Editor Alan Edward Bell on The Hunger Games: Catching Fire

StudioDaily by Beth Marchant

How a Talent for Editorial VFX Work and an Eclectic Career Laid a Path to Panem

Uneasy lies the head that wears a crown. Catching Fire, the latest installment in The Hunger Gamesfranchise—itself a worthy successor to once-immovable blockbuster young adult book-to-movie adaptations like Harry Potter and The Twilight Saga—will take on similarly Shakespearean themes when it opens in wide release on November 22. Jennifer Lawrence reprises her role as the noble and unstoppable Katniss Everdeen in this post-apocalyptic struggle set against the excesses of an overtly enhanced Capitol ruling class and a potentially liberating revolution. The rollercoaster fun comes in watching Katniss outsmart and outmaneuver her Capitol overlords as they thread her through a series of morality play-meets-Project Runway-style hoops meant to lionize, incite and ultimately dispense with anyone who can't keep up.

Alan Edward Bell's expansive editorial credits, which include Water for Elephants, (500) Days of Summer and last year's The Amazing Spider-Man, are reason enough he was asked to cut this particularly complex hybrid of a picture. But Bell also has a parallel career augmenting his own and others' work with composites and other visual effects, landing him VFX supervisor credits on the indie charmer Little Manhattan and the Julia Roberts thriller Duplicity. Currently editing on set the next installment in The Hunger Games franchise, Mockingjay – Part 1, Bell is also already in production on its companion, Mockingjay – Part 2. We spoke to him about finding the heart and soul of every picture, what he thinks about superheroes, and how he developed his signature set of "performance enhancing" editorial and visual effects.

StudioDaily: Although this is the first THG film both you and director Francis Lawrence (I Am Legend) have collaborated on, you've worked with him once before. What direction did he give you from the outset?

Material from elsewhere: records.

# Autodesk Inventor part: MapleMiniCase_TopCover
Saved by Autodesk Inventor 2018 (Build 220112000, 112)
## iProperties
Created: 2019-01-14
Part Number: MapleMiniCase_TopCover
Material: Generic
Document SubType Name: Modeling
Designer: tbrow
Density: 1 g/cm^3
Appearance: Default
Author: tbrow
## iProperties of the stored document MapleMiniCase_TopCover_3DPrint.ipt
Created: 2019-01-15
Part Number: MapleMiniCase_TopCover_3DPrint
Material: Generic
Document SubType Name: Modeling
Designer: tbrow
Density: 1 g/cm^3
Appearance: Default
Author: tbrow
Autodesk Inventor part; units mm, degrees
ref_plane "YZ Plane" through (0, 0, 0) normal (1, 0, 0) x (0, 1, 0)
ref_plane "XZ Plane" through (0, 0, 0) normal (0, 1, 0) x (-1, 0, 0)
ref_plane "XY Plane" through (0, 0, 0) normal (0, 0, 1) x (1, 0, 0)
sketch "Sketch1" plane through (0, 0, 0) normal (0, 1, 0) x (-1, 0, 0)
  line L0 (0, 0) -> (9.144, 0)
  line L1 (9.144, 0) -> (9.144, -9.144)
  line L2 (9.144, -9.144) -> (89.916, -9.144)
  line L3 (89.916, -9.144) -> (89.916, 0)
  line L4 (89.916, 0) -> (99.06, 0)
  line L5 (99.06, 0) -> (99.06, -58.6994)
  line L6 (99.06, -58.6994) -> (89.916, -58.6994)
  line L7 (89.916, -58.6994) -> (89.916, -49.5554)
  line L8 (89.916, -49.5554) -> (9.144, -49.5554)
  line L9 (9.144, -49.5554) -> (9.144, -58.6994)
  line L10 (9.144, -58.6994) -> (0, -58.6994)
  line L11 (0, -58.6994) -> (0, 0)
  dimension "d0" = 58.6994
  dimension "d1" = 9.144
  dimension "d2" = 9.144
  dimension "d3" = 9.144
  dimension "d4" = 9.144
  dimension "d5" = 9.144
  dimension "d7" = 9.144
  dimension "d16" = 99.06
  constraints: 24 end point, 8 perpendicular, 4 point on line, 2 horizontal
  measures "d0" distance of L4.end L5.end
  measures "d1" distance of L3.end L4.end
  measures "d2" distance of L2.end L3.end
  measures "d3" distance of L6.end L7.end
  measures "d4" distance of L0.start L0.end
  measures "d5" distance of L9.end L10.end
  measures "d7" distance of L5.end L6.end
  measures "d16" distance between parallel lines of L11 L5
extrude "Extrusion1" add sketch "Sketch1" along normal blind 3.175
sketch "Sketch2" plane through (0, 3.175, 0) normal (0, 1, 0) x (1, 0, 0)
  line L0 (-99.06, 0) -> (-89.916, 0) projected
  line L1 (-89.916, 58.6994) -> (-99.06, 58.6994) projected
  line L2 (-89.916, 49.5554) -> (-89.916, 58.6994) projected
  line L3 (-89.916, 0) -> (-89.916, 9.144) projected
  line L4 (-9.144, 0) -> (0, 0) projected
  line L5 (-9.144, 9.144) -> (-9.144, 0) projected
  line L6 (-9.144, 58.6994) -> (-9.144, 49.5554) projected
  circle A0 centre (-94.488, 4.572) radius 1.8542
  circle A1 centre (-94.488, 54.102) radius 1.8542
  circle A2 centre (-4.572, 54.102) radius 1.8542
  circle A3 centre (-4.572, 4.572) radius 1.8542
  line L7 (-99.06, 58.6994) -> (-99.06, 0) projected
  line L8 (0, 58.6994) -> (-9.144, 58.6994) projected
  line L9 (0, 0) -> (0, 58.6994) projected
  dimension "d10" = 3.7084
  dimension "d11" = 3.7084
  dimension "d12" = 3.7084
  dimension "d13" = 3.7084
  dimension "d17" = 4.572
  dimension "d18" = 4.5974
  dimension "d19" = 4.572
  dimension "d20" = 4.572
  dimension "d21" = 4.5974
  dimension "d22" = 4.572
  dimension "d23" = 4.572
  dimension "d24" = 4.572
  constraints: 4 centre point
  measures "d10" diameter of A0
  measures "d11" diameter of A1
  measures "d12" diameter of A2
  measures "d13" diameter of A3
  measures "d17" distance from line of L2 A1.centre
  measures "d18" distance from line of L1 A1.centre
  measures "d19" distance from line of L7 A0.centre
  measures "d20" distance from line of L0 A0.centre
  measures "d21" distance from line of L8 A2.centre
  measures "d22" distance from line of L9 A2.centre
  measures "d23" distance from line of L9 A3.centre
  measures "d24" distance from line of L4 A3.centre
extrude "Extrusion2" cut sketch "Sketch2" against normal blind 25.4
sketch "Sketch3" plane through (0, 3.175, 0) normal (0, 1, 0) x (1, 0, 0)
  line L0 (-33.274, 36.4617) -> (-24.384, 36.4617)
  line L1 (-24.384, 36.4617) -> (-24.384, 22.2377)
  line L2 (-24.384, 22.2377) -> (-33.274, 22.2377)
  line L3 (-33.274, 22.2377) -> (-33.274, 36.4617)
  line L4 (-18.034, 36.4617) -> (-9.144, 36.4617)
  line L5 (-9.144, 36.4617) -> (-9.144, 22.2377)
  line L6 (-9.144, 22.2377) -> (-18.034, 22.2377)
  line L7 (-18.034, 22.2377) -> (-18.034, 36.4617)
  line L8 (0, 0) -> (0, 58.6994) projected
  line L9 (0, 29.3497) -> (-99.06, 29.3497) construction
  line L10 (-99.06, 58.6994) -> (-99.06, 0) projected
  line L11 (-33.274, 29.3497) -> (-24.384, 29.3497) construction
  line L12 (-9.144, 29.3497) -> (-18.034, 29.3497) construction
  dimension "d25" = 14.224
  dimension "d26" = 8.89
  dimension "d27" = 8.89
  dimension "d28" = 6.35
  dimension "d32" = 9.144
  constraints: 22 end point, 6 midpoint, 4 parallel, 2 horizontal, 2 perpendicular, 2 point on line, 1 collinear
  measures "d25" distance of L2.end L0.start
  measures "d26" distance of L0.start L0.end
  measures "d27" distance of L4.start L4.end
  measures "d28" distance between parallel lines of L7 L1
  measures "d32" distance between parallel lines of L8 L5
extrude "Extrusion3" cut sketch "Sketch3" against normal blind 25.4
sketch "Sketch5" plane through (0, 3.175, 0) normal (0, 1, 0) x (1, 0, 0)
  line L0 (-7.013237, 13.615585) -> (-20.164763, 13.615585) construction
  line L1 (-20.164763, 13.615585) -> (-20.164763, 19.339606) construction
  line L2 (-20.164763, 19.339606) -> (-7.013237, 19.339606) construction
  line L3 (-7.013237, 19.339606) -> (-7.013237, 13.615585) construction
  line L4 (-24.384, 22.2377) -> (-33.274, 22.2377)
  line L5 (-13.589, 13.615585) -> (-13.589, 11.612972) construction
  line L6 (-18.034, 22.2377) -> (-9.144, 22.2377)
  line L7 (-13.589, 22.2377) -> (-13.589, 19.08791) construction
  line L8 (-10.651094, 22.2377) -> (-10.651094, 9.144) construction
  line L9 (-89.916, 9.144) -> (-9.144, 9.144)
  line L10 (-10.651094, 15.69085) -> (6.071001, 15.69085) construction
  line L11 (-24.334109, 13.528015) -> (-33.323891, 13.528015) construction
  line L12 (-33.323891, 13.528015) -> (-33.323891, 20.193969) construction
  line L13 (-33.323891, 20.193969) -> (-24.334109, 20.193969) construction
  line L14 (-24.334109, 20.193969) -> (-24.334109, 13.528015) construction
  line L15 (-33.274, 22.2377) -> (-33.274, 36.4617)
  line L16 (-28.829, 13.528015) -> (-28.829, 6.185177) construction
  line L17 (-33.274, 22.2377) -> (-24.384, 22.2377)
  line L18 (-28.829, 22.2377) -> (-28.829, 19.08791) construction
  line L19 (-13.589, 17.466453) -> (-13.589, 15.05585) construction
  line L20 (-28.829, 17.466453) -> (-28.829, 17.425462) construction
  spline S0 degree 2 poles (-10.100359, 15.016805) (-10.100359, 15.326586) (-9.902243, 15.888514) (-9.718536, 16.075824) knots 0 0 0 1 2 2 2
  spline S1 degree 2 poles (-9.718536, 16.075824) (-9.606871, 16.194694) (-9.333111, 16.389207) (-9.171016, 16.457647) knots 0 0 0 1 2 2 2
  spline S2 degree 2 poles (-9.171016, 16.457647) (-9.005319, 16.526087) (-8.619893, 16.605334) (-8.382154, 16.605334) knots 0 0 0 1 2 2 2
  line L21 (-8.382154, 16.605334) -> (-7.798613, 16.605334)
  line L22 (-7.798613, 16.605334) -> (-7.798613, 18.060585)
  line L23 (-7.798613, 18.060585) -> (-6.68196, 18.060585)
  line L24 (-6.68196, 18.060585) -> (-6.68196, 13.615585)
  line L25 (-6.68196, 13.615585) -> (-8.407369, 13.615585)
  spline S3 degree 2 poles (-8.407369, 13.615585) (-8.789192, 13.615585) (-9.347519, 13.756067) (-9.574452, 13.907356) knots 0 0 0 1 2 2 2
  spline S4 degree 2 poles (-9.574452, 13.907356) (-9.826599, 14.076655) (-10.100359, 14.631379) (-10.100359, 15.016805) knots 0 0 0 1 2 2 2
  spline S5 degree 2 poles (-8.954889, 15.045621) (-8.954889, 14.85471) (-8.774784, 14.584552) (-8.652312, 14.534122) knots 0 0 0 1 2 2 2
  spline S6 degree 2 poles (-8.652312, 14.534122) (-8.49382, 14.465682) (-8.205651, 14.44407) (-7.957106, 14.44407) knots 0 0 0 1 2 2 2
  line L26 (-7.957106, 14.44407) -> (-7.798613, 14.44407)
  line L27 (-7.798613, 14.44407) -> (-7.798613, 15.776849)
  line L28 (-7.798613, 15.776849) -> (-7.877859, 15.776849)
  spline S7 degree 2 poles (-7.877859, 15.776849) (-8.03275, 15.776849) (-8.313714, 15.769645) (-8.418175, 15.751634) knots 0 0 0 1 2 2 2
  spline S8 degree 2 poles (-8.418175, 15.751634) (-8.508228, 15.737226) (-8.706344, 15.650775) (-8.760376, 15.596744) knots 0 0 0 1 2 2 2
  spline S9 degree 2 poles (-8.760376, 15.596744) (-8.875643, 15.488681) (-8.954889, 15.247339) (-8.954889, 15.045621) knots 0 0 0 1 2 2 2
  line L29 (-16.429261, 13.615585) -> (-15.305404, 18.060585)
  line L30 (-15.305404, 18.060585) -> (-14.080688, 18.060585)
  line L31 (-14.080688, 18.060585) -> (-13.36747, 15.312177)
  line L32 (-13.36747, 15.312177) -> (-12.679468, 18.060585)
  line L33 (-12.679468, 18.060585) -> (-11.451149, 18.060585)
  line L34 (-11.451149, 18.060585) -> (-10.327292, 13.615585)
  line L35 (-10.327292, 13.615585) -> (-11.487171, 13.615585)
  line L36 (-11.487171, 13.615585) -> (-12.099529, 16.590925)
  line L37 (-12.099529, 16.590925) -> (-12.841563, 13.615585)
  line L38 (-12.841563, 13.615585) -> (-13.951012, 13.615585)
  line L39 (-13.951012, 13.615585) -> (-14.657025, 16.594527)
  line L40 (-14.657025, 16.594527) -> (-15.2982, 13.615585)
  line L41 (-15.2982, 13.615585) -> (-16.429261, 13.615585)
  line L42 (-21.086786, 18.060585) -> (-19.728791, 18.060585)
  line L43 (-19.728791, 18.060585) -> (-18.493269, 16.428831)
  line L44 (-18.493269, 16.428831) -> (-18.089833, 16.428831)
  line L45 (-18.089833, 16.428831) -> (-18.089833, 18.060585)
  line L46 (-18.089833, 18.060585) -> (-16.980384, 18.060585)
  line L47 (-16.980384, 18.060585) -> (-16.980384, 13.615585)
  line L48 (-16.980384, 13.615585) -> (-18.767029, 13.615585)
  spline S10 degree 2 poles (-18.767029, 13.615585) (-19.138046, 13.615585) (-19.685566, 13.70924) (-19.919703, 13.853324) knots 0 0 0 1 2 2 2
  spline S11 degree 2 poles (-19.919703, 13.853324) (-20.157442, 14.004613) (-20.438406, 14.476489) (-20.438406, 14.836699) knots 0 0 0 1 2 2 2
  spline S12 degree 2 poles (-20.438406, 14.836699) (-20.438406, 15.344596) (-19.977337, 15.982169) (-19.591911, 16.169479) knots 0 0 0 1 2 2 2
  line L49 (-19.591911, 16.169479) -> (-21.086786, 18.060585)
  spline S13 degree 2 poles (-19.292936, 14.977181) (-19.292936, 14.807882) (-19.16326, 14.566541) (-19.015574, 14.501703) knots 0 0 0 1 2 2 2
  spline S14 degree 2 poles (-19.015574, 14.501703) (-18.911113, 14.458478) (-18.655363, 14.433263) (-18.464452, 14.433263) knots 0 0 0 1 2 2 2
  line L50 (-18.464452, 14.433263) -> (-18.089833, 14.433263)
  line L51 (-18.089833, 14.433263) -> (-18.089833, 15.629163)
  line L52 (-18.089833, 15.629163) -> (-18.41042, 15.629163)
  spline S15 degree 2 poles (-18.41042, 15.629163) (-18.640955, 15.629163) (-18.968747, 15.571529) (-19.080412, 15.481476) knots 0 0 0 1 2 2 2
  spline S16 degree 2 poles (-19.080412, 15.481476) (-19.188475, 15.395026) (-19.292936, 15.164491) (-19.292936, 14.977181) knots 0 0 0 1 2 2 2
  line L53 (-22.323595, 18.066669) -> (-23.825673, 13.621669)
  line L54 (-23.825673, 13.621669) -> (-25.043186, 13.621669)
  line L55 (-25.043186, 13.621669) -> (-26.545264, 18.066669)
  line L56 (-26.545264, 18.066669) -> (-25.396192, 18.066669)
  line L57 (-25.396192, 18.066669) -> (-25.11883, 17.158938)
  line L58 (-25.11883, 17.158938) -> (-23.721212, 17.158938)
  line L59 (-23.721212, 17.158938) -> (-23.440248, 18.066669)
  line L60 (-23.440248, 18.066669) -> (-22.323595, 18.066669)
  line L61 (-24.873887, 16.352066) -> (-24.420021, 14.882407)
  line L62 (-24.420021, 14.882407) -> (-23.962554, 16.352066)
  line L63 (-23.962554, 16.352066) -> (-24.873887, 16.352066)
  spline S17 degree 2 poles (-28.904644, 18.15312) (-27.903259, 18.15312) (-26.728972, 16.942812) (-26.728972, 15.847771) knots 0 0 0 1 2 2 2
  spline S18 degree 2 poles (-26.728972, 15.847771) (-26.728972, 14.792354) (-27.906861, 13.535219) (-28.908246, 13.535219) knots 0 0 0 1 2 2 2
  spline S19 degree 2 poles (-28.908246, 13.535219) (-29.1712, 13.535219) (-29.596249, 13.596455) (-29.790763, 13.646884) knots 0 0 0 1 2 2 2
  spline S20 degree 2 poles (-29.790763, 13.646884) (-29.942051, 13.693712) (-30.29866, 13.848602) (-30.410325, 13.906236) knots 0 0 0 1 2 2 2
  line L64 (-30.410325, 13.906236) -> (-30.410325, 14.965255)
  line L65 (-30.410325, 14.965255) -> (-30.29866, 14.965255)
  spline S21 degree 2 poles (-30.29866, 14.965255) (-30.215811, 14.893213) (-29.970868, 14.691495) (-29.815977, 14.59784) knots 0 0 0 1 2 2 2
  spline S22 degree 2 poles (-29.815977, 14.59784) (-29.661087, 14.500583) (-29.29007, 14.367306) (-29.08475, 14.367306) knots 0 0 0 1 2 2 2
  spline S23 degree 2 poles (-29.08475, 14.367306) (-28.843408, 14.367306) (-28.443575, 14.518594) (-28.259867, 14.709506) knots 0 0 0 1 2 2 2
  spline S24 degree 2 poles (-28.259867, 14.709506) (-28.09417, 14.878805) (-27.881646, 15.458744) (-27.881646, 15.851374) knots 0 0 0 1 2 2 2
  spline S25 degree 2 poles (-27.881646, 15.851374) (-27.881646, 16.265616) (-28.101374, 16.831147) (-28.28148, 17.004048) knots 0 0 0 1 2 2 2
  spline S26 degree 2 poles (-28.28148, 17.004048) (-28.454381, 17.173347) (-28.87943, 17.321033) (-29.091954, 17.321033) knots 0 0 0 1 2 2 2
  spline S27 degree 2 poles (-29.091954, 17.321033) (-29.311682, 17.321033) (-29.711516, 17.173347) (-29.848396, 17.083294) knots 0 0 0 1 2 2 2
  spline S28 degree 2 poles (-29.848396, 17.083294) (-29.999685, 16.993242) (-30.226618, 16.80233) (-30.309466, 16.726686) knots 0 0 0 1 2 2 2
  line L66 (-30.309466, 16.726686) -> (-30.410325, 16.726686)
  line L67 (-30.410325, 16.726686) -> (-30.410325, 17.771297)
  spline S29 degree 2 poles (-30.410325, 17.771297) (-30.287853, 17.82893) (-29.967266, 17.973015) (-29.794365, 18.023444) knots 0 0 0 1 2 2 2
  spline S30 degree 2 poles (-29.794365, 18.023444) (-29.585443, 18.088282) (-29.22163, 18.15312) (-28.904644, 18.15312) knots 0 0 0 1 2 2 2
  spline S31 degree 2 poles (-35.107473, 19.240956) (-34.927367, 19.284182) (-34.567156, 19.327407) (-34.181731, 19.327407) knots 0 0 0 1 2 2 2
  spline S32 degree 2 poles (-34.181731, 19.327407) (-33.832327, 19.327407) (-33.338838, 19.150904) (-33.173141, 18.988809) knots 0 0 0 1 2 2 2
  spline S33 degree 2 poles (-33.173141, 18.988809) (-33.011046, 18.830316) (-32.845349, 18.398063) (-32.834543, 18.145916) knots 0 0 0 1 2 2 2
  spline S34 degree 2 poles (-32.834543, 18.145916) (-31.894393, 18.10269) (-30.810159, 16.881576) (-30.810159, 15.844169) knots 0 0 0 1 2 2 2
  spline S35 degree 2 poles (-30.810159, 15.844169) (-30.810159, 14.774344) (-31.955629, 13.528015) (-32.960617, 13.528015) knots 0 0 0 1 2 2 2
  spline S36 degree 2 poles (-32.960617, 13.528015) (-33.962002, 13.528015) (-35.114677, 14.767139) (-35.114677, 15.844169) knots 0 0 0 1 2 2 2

Alan Edward Bell: We first worked together on Water for Elephants in 2011. But this is my first time working with Lionsgate. What happened was I was finishing up work on The Amazing Spider-Man and Francis called me and said he was doing Catching Fire and told me that my agent would be calling me shortly. I was pretty excited about the project, though at that time, they weren't ready to release the script to anybody. So basically the first bit of direction I got from him was, "Just read the book, because that's what we're doing: We're making the book. Just sink your teeth into the material." I hadn't read them yet or even seen the first movie. I read all three books over the course of four days, then I went and saw the first movie. read more...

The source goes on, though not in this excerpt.